Preserve the full layout of the image
Use Canny. It captures edges from every element in the scene, including the subject and background, giving the generation model a tight structural template to follow. It works on any image type and is the most universally reliable starting point.
Preserve spatial depth and 3D positioning
Use Depth. The output is a grayscale map where bright areas are close to the camera and dark areas are far away. The generation model uses this to place objects in the right spatial relationship, even if the actual content changes entirely.
Preserve a character's body position
Use Pose. The detector finds the skeleton keypoints of every human figure in the image and outputs them as a simple stick figure map. Feed that map into a generation model and it will produce a character in the same pose, regardless of their appearance, style, or clothing.
Preserve architectural or geometric structure
Use MLSD. It detects only straight lines, which is exactly what you need for building facades, room interiors, floor plans, and any scene dominated by hard edges. It ignores organic shapes entirely, so it will not clutter the map with irrelevant detail.
Preserve the layout of a complex scene with multiple objects
Use Segmentation. It produces a color-coded map where every region is labeled by object type — sky, wall, person, vehicle, plant. The generation model uses this to keep each element in the right place while changing everything else about the visual.
Give the generation model more creative room
Use Scribble. The simplified lines give only a rough outline of shapes, leaving more freedom for the model to interpret the style, texture, and detail. Good when you want the output to feel generative rather than a direct structural copy.
Typical Workflows
Character pose transfer across styles
You have a photograph of a person in a specific pose and want to generate a fantasy illustration character in the same position. Run Detection with Pose to extract the skeleton map. Feed that map into an image generation model alongside a prompt describing the fantasy character. The generated character will match the pose from the original photo.
Architecture restyling
You have a photograph of a building and want to generate an illustration of the same structure in a different architectural style. Run Detection with MLSD to extract the structural lines. Feed the line map into a generation model with a prompt describing the target style. The building's proportions and geometry stay intact while everything else changes.

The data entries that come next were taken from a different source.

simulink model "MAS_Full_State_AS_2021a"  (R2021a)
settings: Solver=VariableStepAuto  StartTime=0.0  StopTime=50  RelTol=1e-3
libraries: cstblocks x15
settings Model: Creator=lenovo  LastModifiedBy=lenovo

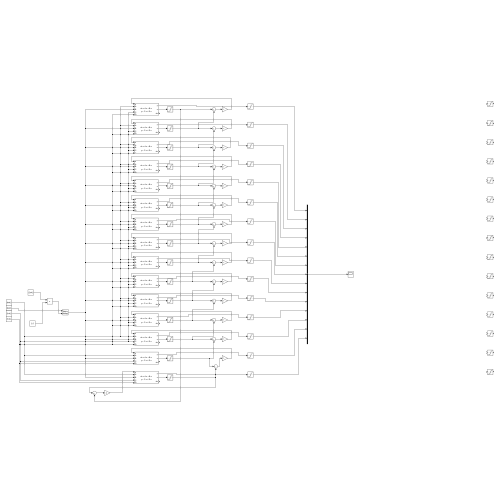
[thumbnail: Simulink's stored preview of the top-level diagram]
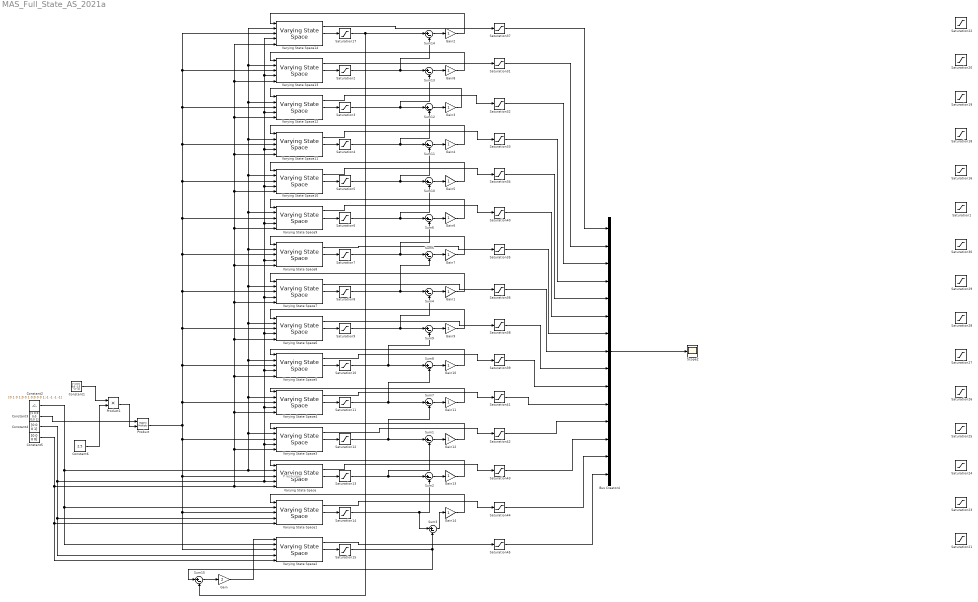
== system MAS_Full_State_AS_2021a ==
  note: P resburger
  Bus Creator4 : BusCreator  Inputs=15
  Constant1 : Constant  Value=[-1 0 0 0;0 -1.5 -2 -1]
  Constant2 : Constant  Value=[0 1 0 1;0 0 1 0;0 0 0 1;-1 -1 -1 -1]
  Constant3 : Constant  Value=[1 0;0 0;0 0;0 1]
  Constant4 : Constant  Value=[0 0 0 1]  VectorParams1D=off
  Constant5 : Constant  Value=[0 0 0 0]  VectorParams1D=off
  Constant6 : Constant  Value=2.5  VectorParams1D=off
  Gain : Gain  Gain=2
  Gain{1..14} (14 alike) : Gain
  Product : Product  Multiplication=Matrix(*)
  Product1 : Product
  Saturation{1,16,18..45} (30 alike) : Saturate  UpperLimit=1  LowerLimit=-1
  Saturation{2..15,17} (15 alike) : Saturate  UpperLimit=0.05  LowerLimit=-0.05
  Scope2 : Scope
  Sum{1..15} (15 alike) : Sum  Inputs=|+-
  Varying State Space{,1,3..14} (14 alike) : cstblocks/Linear Parameter Varying/Varying State Space  x0=0  xNames=''  OutputX=on  OutputDX=on
  Varying State Space2 : cstblocks/Linear Parameter Varying/Varying State Space  x0=[1;0;0;0]  xNames=''  OutputX=on  OutputDX=on
  wires:
  Gain/1 -> Varying State Space2/1
  Constant3/1 -> Product/1
  Bus Creator4/1 -> Scope2/1
  Product1/1 -> Product/2
  Constant1/1 -> Product1/1
  Constant5/1 -> Varying State Space2/5, Varying State Space1/5, Varying State Space3/5, Varying State Space4/5, Varying State Space5/5, Varying State Space7/5, Varying State Space8/5, Varying State Space9/5, Varying State Space10/5, Varying State Space11/5, Varying State Space13/5, Varying State Space14/5, Varying State Space12/5, Varying State Space6/5, Varying State Space/5
  Product/1 -> Varying State Space3/3, Varying State Space2/3, Varying State Space1/3, Varying State Space/3, Varying State Space7/3, Varying State Space8/3, Varying State Space9/3, Varying State Space10/3, Varying State Space11/3, Varying State Space12/3, Varying State Space14/3, Varying State Space13/3, Varying State Space6/3, Varying State Space5/3, Varying State Space4/3
  Constant4/1 -> Varying State Space2/4, Varying State Space1/4, Varying State Space9/4, Varying State Space14/4, Varying State Space13/4, Varying State Space12/4, Varying State Space11/4, Varying State Space10/4, Varying State Space8/4, Varying State Space7/4, Varying State Space6/4, Varying State Space5/4, Varying State Space4/4, Varying State Space3/4, Varying State Space/4
  Constant2/1 -> Varying State Space2/2, Varying State Space1/2, Varying State Space3/2, Varying State Space4/2, Varying State Space5/2, Varying State Space7/2, Varying State Space8/2, Varying State Space9/2, Varying State Space10/2, Varying State Space11/2, Varying State Space12/2, Varying State Space14/2, Varying State Space13/2, Varying State Space6/2, Varying State Space/2
  Constant6/1 -> Product1/2
  Varying State Space11/2 -> Saturation4/1
  Varying State Space2/2 -> Saturation15/1
  Varying State Space1/2 -> Saturation14/1
  Varying State Space/2 -> Saturation13/1
  Varying State Space3/2 -> Saturation12/1
  Varying State Space4/2 -> Saturation11/1
  Varying State Space14/2 -> Saturation17/1
  Varying State Space13/2 -> Saturation2/1
  Varying State Space12/2 -> Saturation3/1
  Varying State Space10/2 -> Saturation5/1
  Varying State Space9/2 -> Saturation6/1
  Varying State Space8/2 -> Saturation7/1
  Varying State Space7/2 -> Saturation8/1
  Varying State Space6/2 -> Saturation9/1
  Varying State Space5/2 -> Saturation10/1
  Saturation15/1 -> Sum3/2, Sum15/1
  Saturation14/1 -> Sum3/1, Sum2/2
  Saturation13/1 -> Sum2/1, Sum1/2
  Saturation12/1 -> Sum1/1, Sum7/2
  Saturation11/1 -> Sum8/2, Sum7/1
  Saturation10/1 -> Sum8/1, Sum9/2
  Saturation9/1 -> Sum9/1, Sum4/2
  Saturation8/1 -> Sum4/1, Sum5/2
  Saturation7/1 -> Sum5/1, Sum6/2
  Saturation6/1 -> Sum6/1, Sum10/2
  Saturation5/1 -> Sum10/1, Sum11/2
  Saturation4/1 -> Sum12/2, Sum11/1
  Saturation3/1 -> Sum12/1, Sum13/2
  Saturation2/1 -> Sum13/1, Sum14/2
  Saturation17/1 -> Sum15/2, Sum14/1
  Varying State Space14/1 -> Saturation37/1
  Varying State Space13/1 -> Saturation31/1
  Varying State Space12/1 -> Saturation32/1
  Varying State Space11/1 -> Saturation33/1
  Varying State Space10/1 -> Saturation34/1
  Varying State Space9/1 -> Saturation40/1
  Varying State Space8/1 -> Saturation35/1
  Varying State Space7/1 -> Saturation36/1
  Varying State Space6/1 -> Saturation38/1
  Varying State Space5/1 -> Saturation39/1
  Varying State Space4/1 -> Saturation41/1
  Varying State Space3/1 -> Saturation42/1
  Varying State Space/1 -> Saturation43/1
  Varying State Space1/1 -> Saturation44/1
  Varying State Space2/1 -> Saturation45/1
  Saturation45/1 -> Bus Creator4/15
  Saturation44/1 -> Bus Creator4/14
  Saturation43/1 -> Bus Creator4/13
  Saturation42/1 -> Bus Creator4/12
  Saturation41/1 -> Bus Creator4/11
  Saturation39/1 -> Bus Creator4/10
  Saturation38/1 -> Bus Creator4/9
  Saturation36/1 -> Bus Creator4/8
  Saturation35/1 -> Bus Creator4/7
  Saturation40/1 -> Bus Creator4/6
  Saturation34/1 -> Bus Creator4/5
  Saturation33/1 -> Bus Creator4/4
  Saturation32/1 -> Bus Creator4/3
  Saturation31/1 -> Bus Creator4/2
  Saturation37/1 -> Bus Creator4/1
  Sum15/1 -> Gain/1
  Sum14/1 -> Gain2/1
  Gain2/1 -> Varying State Space14/1
  Sum3/1 -> Gain14/1
  Sum2/1 -> Gain13/1
  Sum1/1 -> Gain12/1
  Sum13/1 -> Gain8/1
  Gain8/1 -> Varying State Space13/1
  Sum12/1 -> Gain3/1
  Gain3/1 -> Varying State Space12/1
  Sum11/1 -> Gain4/1
  Gain4/1 -> Varying State Space11/1
  Sum10/1 -> Gain5/1
  Gain5/1 -> Varying State Space10/1
  Sum6/1 -> Gain6/1
  Gain6/1 -> Varying State Space9/1
  Gain7/1 -> Varying State Space8/1
  Sum5/1 -> Gain7/1
  Sum4/1 -> Gain1/1
  Gain1/1 -> Varying State Space7/1
  Sum9/1 -> Gain9/1
  Gain9/1 -> Varying State Space6/1
  Gain10/1 -> Varying State Space5/1
  Sum8/1 -> Gain10/1
  Sum7/1 -> Gain11/1
  Gain11/1 -> Varying State Space4/1
  Gain12/1 -> Varying State Space3/1
  Gain13/1 -> Varying State Space/1
  Gain14/1 -> Varying State Space1/1
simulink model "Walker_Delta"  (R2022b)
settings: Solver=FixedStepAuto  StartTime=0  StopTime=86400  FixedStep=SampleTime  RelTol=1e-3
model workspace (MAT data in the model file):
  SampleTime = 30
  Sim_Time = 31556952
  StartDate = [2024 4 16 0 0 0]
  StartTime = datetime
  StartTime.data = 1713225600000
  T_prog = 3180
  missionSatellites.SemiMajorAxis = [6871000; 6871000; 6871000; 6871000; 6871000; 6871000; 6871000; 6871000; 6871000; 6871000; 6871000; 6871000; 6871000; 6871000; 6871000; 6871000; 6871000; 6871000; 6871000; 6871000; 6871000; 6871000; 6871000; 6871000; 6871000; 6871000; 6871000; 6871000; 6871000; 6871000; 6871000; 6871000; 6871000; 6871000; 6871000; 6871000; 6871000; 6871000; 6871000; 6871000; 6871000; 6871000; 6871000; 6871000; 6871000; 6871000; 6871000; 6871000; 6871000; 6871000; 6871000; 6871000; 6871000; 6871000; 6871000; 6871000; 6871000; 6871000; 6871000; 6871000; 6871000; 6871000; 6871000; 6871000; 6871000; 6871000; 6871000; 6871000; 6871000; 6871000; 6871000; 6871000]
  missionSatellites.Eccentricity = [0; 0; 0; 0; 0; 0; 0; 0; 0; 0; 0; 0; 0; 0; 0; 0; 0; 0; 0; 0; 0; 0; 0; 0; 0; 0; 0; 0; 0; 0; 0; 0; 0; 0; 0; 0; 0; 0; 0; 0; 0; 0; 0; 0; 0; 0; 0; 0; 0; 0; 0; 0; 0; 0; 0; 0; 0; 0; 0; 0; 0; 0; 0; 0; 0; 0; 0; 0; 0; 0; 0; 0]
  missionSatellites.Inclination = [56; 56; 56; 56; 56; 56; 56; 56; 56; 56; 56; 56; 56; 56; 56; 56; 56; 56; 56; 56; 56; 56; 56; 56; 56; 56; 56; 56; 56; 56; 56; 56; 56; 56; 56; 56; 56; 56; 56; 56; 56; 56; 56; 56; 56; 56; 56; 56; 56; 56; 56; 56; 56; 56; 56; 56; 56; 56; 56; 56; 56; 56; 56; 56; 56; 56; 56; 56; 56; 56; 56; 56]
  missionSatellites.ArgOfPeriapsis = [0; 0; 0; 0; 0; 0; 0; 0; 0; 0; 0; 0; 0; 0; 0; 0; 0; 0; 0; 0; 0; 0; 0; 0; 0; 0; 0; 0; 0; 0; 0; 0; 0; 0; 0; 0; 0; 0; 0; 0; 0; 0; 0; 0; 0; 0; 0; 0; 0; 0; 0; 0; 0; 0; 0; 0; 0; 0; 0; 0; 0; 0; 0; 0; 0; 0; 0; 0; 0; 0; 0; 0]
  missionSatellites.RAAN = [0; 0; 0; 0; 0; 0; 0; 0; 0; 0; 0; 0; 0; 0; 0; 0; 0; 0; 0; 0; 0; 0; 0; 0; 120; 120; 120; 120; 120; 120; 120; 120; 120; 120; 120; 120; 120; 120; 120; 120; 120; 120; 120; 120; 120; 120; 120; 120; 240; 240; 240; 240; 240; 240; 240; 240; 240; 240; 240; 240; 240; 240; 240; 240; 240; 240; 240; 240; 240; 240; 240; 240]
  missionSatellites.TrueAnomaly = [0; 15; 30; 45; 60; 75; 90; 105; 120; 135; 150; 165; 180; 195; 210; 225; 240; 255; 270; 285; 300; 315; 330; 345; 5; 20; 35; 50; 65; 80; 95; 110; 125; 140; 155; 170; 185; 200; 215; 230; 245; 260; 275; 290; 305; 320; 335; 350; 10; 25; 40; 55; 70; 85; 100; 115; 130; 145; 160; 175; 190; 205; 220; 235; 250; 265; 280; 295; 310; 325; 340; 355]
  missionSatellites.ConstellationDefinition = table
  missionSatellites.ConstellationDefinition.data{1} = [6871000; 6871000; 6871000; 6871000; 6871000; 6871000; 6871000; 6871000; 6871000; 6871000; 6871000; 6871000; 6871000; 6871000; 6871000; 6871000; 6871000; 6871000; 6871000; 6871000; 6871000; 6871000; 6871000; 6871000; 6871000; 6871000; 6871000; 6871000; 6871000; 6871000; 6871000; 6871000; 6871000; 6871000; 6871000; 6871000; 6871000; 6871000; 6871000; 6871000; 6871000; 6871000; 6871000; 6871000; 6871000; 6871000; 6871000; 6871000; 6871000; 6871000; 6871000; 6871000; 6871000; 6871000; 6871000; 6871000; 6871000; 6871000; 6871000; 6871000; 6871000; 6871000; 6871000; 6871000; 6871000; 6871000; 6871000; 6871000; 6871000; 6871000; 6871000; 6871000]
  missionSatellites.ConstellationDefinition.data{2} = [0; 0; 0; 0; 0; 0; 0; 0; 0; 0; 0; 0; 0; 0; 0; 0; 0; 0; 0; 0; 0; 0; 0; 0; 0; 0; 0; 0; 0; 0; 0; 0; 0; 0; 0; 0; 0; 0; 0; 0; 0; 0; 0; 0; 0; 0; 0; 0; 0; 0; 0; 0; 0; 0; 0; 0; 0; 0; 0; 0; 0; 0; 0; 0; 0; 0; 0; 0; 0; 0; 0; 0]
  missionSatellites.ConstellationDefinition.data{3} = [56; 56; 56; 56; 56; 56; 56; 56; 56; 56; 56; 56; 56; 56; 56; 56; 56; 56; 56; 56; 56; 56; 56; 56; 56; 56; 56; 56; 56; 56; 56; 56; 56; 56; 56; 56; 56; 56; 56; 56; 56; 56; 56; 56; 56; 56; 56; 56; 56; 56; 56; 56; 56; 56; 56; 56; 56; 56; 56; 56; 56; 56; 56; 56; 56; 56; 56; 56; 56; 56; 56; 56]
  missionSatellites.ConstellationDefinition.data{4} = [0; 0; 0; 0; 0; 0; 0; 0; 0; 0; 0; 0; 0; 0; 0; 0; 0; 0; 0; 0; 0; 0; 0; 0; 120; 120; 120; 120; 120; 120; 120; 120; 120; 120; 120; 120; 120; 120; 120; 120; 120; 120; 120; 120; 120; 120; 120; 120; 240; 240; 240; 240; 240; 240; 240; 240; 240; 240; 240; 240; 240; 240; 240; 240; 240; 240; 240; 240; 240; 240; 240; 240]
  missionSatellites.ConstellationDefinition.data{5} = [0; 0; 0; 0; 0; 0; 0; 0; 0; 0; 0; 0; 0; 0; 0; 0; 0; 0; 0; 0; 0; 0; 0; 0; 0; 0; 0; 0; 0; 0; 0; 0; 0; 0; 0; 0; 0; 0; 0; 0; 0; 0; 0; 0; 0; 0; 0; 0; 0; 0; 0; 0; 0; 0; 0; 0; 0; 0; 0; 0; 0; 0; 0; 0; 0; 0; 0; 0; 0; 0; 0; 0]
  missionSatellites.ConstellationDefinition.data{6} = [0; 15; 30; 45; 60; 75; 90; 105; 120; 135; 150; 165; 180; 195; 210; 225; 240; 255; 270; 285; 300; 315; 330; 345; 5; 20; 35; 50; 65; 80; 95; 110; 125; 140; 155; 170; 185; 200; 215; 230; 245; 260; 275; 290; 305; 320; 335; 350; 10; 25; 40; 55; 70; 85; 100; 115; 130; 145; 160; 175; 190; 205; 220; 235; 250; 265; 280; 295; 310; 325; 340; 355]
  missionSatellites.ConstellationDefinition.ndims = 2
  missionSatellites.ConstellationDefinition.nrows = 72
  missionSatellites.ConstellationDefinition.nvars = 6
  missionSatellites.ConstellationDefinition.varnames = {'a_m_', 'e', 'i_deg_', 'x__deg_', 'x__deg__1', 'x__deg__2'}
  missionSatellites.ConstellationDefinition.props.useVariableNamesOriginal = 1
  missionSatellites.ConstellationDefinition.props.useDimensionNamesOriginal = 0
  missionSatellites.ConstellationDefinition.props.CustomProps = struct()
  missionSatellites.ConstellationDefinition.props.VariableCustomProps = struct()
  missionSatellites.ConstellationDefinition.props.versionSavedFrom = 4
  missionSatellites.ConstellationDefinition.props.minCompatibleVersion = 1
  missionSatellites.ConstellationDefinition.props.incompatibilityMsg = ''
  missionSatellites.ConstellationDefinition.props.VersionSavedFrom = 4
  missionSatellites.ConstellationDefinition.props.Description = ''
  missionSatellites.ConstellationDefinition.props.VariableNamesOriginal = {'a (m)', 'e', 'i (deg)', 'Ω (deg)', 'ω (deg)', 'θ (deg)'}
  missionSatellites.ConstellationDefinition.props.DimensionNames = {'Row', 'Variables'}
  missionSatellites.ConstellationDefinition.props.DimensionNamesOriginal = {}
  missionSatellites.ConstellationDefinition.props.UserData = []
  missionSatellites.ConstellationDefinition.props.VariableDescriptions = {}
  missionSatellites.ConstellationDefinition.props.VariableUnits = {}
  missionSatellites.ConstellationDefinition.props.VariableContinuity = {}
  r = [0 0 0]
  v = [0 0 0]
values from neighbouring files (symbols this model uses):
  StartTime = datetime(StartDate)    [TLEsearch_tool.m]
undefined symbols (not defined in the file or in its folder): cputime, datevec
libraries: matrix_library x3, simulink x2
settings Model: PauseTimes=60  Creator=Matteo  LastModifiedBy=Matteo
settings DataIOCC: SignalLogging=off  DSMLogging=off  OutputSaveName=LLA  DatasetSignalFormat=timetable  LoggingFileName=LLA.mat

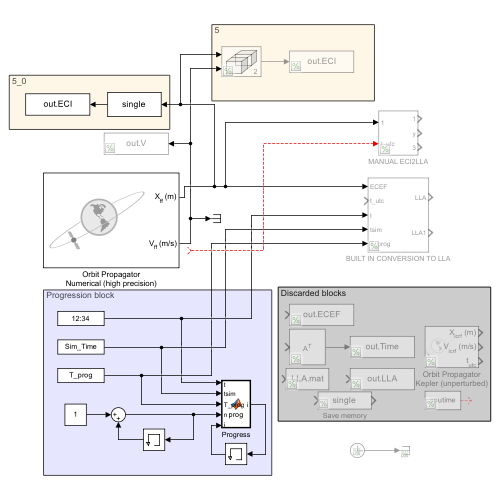
[thumbnail: Simulink's stored preview of the top-level diagram]
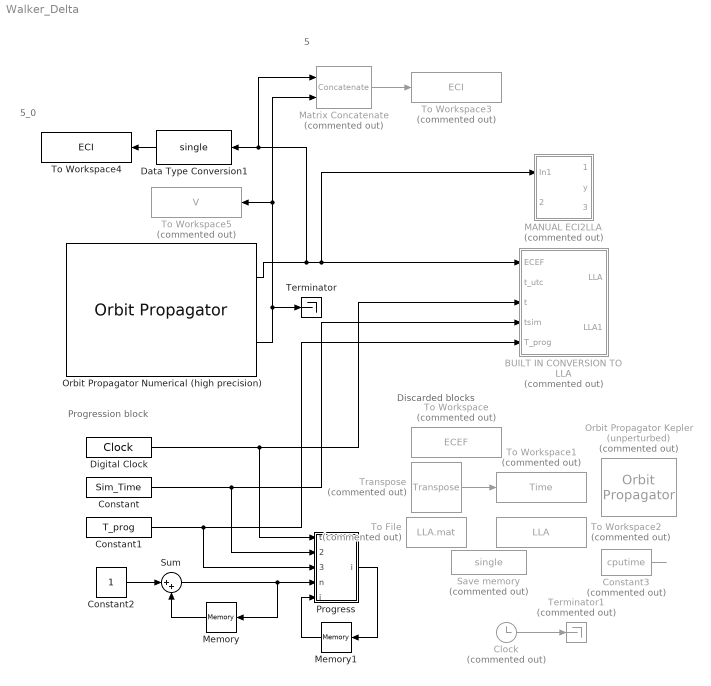
== system Walker_Delta ==
  note: 5_0
  note: 5
  note: Discarded blocks
  note: Progression block
  BUILT IN CONVERSION TO LLA : Subsystem  Commented=on
  Clock : Clock  Commented=on
  Constant : Constant  Value=Sim_Time
  Constant1 : Constant  Value=T_prog
  Constant2 : Constant
  Constant3 : Constant  Commented=on  Value=cputime
  Data Type Conversion1 : DataTypeConversion  OutDataTypeStr=single  RndMeth=Round  SaturateOnIntegerOverflow=off
  Digital Clock : DigitalClock  SampleTime=T_prog
  MANUAL ECI2LLA : Subsystem  Commented=on
  Matrix Concatenate : Concatenate  Commented=on  Mode=Multidimensional array  ConcatenateDimension=2
  Memory : Memory
  Memory1 : Memory
  Orbit Propagator Kepler (unperturbed) : OrbitPropagator  Commented=on  startDate=datevec(StartTime)  stateFormatKep=ICRF state vector  inertialPosition=r  inertialVelocity=v  fixedPosition=[-4142689.0 -2676864.7 -4669861.6]  fixedVelocity=[1452.7 -6720.7 2568.1]  customR=3396200  customMu=4.305e13  customJ2=1.0826269e-03  customOmega=4.06125949e-3  timeFormat=Gregorian
  Orbit Propagator Numerical (high precision) : OrbitPropagator  propagator=Numerical (high precision)  outportFrame=Fixed-frame  startDate=StartDate  dateOut=off  action=None  semiMajorAxis=missionSatellites.SemiMajorAxis  eccentricity=missionSatellites.Eccentricity  inclination=missionSatellites.Inclination  raan=missionSatellites.RAAN  argPeriapsis=missionSatellites.ArgOfPeriapsis  trueAnomaly=missionSatellites.TrueAnomaly  inertialPosition=[0,0,0]  inertialVelocity=[0,0,0]  fixedPosition=[0,0,0]  fixedVelocity=[0,0,0]  gravityModel=Point-mass  customR=3396200  customMu=4.305e13  customJ2=1.0826269e-03  customOmega=4.06125949e-3  useEOPs=off  timeFormat=Gregorian
  Progress : MATLAB Function  TreatAsAtomicUnit=on
  Save memory : DataTypeConversion  Commented=on  OutDataTypeStr=single  RndMeth=Round  SaturateOnIntegerOverflow=off
  Sum : Sum  Inputs=|++
  Terminator : Terminator
  Terminator1 : Terminator  Commented=on
  To File : ToFile  Commented=on  Filename=LLA.mat  MatrixName=LLA  SaveFormat=Timeseries
  To Workspace : ToWorkspace  Commented=on  VariableName=ECEF  SampleTime=-1
  To Workspace1 : ToWorkspace  Commented=on  VariableName=Time  SampleTime=-1
      settings: Save2DSignal=2-D array (concatenate along first dimension)
  To Workspace2 : ToWorkspace  Commented=on  VariableName=LLA  SampleTime=-1
  To Workspace3 : ToWorkspace  Commented=on  VariableName=ECI  SampleTime=-1
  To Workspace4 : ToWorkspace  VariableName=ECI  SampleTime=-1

Scene recomposition with new content
You have an image with a specific spatial layout and want to generate a completely different scene that preserves the depth and positioning of objects. Run Detection with Depth to extract the depth map. Use that map as the ControlNet input for a generation model with a new prompt. The new scene will have objects placed at the same relative distances from camera as the original.
Coloring manga line art
You have a black-and-white manga page and want to generate a colored version. Run Detection with Line Art (Anime) to extract clean linework. Feed the line map into a generation model with a prompt describing the coloring style. The generated image keeps the original linework and adds color within the contours.
Style transfer with full composition lock
You have a reference image and want to generate a new version in a completely different visual style while keeping every element in the same position. Run Detection with Canny to extract all edges. Use the edge map as the ControlNet input with a prompt describing the new style. The composition, framing, and structural layout remain identical.